Conservatives have also blocked or tried to block federal funding for (i) independent, objective analysis of various technical issues to inform congress and (ii) NASA’s research on climate science based on false arguments.

Efforts to block research that conservatives believe would undermine their ideology are based more on fear of what unbiased facts would show than anything else. There is no other obvious credible explanation.

The fairness barrier
Obtaining unbiased data often requires controlled experiments with different groups, control and/or experimental groups, being subject to different conditions. Controls are usually needed for comparing the effect of one test condition with another. Without controls, it is hard or impossible to objectively measure and compare one condition or policy choice with another. Despite the need for controls in experiments or policy option tests, resistance sometimes crops up because it is perceived to be unfair to treat different groups of people differently.

The Wall Street Journal reported an example of fairness barrier interference with research and how it can be overcome at least sometimes. A researcher was interested in seeing if there would be academic and attendance differences between students attending an urban high school who received a free lunch compared to students who didn’t. The researcher wanted to randomly pick students who would get the free lunch but the school blocked the research arguing it was unfair to not give all students a free lunch. Fairness blocked research.

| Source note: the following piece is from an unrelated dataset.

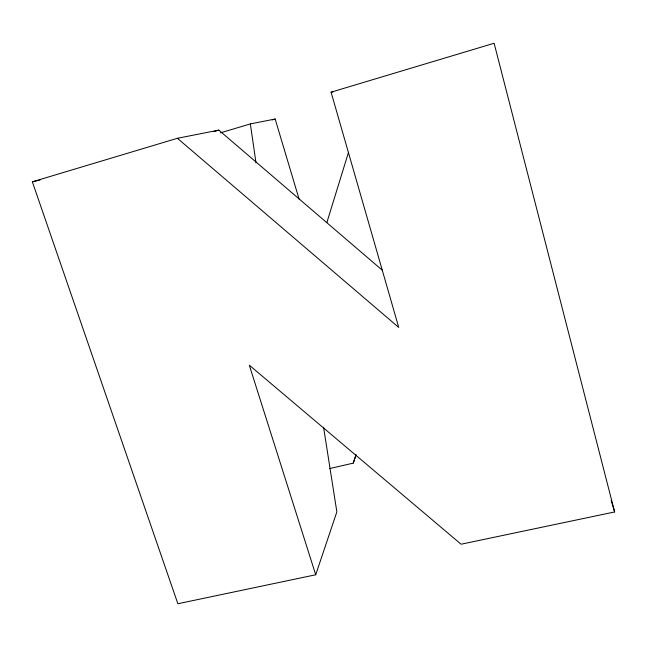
<?xml version="1.0" encoding="UTF-8"?>
<svg xmlns="http://www.w3.org/2000/svg" width="647" height="647" viewBox="0 0 647 647"><rect width="100%" height="100%" fill="white"/><g stroke="black" fill="none" stroke-linecap="round" stroke-linejoin="round"><path stroke-width="0.97" d="M326.84 222.617L348.515 152.312M329.638 468.557L353.254 463.131L356.133 454.542M382.482 270.373L218.832 130.128L177.407 138.288L32.35 181.815L177.86 603.748L315.712 574.771L336.861 511.882L323.557 427.206M353.254 463.131L355.801 455.545M177.407 138.288L398.738 327.431L331.07 92.181L494.122 43.252L614.65 511.947L461.093 544.216L249.305 365.199L315.712 574.771M213.987 131.576L218.832 130.128M220.498 132.829L250.357 123.917L275.161 119.032L299.157 199.349M272.258 119.897L275.161 119.032M32.35 181.815L40.171 180.012M331.07 92.181L333.076 91.995M611.148 500.422L614.65 511.947M250.357 123.917L256.002 162.85"/></g></svg>

A few months later the researcher went back to the same school but informed administrators that he had only enough money to give half the students a free lunch and the administrators could pick who got the free lunches. The administrators suggested randomly picking which students got the free lunches and which didn’t. The researcher got his experiment because it was framed as sufficiently fair from the point of view of the people with the power to allow or block the research.

Again, the relevance of the subjective-intuitive nature of human cognition to politics makes itself abundantly clear. The open question is whether American society is ready to accept the basic nature of how our brains see and think about the world and conclude it is time for a different, smarter way of doing politics.